文書の保持ポリシーを有効にしたり特定のエンベロープを消去したりする前に、以下の内容について十分に理解しておいてください。

これらの機能についての重要な注意事項とよくある誤解について

  • 消去キューに追加された特定のエンベロープをキューから削除する(つまり消去をキャンセルする)ことはできません。この制限は、DocuSignサポート担当者にも適用されます。ただし、APIインテグレーションではこの制限が適用されません。また、APIインテグレーションで消去キューに追加されたエンベロープをキューから削除するには、そのエンベロープがAPIまたは特定エンベロープの消去機能によりキューに追加されたものである必要があります。文書の保持機能により消去キューに追加されたエンベロープをAPIを使ってキューから削除することはできません。
  • 文書の保持機能により消去キューに追加されたエンベロープは、DocuSign Webアプリケーションを使ってすべての消去をキャンセルできます。これを行うには、[文書の保持ポリシーを有効にする]チェックボックスをオフにして[保存]をクリックします。これにより、文書の保持機能が無効になります。
    • 注: これにより、消去キュー内のエンベロープの消去が直ちにキャンセルされるわけではありません。キャンセルされるまでに時間がかかることがあります(アカウントタイムゾーンの夜にキャンセルされます)。翌日の朝に消去キューを確認してください。
  • 特定エンベロープの消去機能で消去キューに追加したエンベロープの消去をWebアプリケーションでキャンセルすることはできません。APIインテグレーション内で行う必要があります。
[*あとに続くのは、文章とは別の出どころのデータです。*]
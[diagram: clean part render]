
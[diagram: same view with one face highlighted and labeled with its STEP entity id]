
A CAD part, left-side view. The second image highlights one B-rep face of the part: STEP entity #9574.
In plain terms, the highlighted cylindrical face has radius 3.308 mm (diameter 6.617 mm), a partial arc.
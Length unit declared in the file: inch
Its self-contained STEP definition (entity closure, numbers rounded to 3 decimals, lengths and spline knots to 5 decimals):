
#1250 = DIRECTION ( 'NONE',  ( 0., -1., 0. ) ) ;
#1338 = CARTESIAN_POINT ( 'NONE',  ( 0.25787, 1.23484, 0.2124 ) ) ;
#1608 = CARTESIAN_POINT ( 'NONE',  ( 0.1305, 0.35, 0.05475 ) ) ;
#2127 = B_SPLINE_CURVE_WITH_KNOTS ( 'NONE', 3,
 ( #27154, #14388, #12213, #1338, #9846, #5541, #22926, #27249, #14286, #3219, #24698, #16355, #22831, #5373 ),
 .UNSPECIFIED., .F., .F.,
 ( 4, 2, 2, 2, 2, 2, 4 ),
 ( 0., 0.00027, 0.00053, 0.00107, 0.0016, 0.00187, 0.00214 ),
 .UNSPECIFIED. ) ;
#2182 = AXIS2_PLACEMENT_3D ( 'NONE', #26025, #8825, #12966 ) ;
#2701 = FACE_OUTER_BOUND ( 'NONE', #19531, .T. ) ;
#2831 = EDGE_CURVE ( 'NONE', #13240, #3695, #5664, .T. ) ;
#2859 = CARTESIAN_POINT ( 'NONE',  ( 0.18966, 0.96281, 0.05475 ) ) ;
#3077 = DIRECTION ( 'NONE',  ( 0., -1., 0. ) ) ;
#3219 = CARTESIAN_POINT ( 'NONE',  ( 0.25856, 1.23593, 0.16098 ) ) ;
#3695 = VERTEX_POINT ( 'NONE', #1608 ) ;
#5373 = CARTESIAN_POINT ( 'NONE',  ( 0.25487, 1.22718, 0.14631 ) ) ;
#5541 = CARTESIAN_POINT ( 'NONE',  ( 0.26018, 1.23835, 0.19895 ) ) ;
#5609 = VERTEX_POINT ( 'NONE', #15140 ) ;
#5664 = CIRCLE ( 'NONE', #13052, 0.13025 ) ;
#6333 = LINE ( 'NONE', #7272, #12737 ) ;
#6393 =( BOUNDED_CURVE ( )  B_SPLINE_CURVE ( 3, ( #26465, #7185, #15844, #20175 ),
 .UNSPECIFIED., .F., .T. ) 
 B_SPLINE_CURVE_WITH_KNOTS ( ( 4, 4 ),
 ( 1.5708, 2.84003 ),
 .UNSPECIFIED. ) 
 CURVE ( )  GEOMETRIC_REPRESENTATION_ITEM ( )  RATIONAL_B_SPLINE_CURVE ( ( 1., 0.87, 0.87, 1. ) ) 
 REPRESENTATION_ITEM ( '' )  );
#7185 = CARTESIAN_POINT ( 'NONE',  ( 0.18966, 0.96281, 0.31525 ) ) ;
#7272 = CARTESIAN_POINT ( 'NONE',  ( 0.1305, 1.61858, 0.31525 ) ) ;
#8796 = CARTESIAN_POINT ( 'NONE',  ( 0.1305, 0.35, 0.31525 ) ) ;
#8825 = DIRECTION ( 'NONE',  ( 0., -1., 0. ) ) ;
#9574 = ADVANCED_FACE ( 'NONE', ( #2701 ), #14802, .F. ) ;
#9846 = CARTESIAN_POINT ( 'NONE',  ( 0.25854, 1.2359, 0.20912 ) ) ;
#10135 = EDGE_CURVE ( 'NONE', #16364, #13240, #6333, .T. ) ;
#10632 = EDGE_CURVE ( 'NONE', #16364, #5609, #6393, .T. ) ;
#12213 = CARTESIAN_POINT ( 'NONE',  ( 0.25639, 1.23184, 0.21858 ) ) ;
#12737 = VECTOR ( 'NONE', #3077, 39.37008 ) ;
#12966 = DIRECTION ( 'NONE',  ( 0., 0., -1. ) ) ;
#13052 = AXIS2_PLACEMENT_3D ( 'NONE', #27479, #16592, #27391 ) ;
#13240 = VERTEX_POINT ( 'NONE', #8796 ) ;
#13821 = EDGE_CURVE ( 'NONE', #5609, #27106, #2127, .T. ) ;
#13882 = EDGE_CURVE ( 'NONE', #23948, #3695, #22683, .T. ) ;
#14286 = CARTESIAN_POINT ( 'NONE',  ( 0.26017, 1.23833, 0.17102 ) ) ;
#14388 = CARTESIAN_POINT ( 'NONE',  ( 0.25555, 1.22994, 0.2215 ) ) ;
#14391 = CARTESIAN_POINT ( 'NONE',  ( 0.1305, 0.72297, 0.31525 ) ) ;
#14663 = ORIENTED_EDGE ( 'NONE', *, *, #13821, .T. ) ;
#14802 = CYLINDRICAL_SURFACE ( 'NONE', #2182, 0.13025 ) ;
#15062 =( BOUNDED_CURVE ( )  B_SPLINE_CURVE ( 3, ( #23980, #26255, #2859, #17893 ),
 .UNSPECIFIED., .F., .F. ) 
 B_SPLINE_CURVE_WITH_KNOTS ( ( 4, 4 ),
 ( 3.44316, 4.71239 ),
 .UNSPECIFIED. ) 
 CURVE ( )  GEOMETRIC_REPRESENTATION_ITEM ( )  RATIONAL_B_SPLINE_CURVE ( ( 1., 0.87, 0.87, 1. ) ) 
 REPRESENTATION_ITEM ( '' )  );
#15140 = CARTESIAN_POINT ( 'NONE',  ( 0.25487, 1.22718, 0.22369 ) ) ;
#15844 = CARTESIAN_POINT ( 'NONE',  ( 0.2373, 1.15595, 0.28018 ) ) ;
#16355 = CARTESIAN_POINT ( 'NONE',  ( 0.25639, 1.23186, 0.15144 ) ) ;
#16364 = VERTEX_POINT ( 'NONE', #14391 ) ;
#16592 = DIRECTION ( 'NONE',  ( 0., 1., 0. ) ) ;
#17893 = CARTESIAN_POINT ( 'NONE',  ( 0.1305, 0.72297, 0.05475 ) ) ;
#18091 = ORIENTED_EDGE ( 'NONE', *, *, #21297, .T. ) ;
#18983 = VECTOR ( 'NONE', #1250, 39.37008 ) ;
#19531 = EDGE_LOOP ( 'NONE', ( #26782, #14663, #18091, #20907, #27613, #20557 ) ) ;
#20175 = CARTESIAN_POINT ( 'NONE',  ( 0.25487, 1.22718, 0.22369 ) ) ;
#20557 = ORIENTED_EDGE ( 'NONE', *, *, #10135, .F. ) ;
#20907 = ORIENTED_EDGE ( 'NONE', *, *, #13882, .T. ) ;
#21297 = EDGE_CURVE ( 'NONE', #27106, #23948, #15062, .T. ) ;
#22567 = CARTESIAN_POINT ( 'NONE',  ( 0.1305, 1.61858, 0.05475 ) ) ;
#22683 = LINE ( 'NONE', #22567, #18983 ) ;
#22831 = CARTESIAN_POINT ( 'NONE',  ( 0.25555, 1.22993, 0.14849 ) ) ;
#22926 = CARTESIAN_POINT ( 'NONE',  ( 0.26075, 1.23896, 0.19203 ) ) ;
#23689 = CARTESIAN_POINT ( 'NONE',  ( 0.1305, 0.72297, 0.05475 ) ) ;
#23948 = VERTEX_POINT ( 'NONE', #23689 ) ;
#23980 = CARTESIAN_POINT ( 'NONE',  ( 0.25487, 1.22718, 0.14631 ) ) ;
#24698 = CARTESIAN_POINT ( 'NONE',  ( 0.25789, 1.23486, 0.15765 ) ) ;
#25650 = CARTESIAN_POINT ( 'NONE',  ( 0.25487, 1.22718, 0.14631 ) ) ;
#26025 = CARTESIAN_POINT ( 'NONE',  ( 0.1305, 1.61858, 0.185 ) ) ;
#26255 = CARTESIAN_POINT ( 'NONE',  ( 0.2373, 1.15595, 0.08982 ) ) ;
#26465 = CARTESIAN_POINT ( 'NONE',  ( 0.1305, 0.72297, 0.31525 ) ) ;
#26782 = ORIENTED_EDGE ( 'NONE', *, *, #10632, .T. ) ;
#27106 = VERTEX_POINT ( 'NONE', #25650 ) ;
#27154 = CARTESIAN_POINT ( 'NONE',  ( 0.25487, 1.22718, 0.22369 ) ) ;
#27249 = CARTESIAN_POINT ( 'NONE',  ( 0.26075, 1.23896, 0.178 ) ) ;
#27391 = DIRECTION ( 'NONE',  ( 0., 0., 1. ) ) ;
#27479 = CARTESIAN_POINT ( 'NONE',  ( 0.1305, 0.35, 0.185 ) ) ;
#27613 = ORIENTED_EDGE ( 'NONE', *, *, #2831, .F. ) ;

  • 文書の保持日数を増やすと、消去キューに追加済みのエンベロープの消去日も延期されます。内部的には、消去キュー内の各エンベロープの「キューへの追加日」が更新され、「エンベロープの完了日」に保持日数の増加分が加算されます。この再計算は、文書の保持機能により消去キューに追加されたエンベロープにのみ適用されます。
    • たとえば、文書の保持日数を「0」に設定し、2019年1月1日に「完了」ステータスになったエンベロープがあります。このエンベロープは1月1日の夜に消去キューに追加され、「キューへの追加日」が「2019年1月1日」に設定されます。この時点で、このエンベロープは2019年1月1日の14日後である2019年1月15日に消去されることになります。翌日、文書の保持日数を「10」に変更しました。これにより、この日の夜にエンベロープの「キューへの追加日」が2019年1月1日の10日後である2019年1月11日に変更され、消去日も2019年1月11日の14日後である2019年1月25日に変更されます。
  • 文書の保持日数を減らした場合、消去キューに追加済みのエンベロープの消去日は変更されません
  • 有効にした文書の保持ポリシーは、完了済みのエンベロープにも遡って適用されます。つまり、保持日数以前にステータスが「完了」、「辞退」、および「無効化」になったエンベロープは、すぐに消去キューに追加されます。
    • たとえば、文書の保持ポリシーを有効にして、保持日数を「20」に設定します。すると、その日の夜にアカウント内のすべてのエンベロープについて、ステータスが「完了」、「辞退」、または「無効化」になった日付がチェックされます。この日付から20日以上経過しているエンベロープはすべて消去キューに追加され、20日が経過していないエンベロープは消去キューに追加されません。このまま保持日数を「20」から変更しない場合、15日前に「完了」、「辞退」、または「無効化」ステータスになったエンベロープは5日後に消去キューに追加されます。
  • 文書の保持日数を「0」に設定してもこの機能が無効にならないことに注意してください。実際には、エンベロープが「完了」、「辞退」、または「無効化」ステータスになるとその日のうちに消去キューに追加されます
  • 使用する消去機能にかかわらず、消去キューに追加されたエンベロープは管理画面の[文書の保持]ページにある[特定のエンベロープを消去]タブで確認できます。
  • キューへの追加日から消去日までの日数である「14」は固定値であり、変更することはできません。保持日数を「1」に設定すると、1日後ではなく15日後に文書が消去されます。
  • [フィールドおよびメタデータを削除する]チェックボックスをオンにすると、文書と同時にそのメタデータが削除されます。「メタデータ」とは、文書フィールド、エンベロープフィールド、およびエンベロープアタッチメントを指します。
 
  • 署名者による添付資料はエンベロープの文書の一部として扱われる、[フィールドおよびメタデータを削除する]チェックボックスの設定にかかわらず文書と一緒に削除されます。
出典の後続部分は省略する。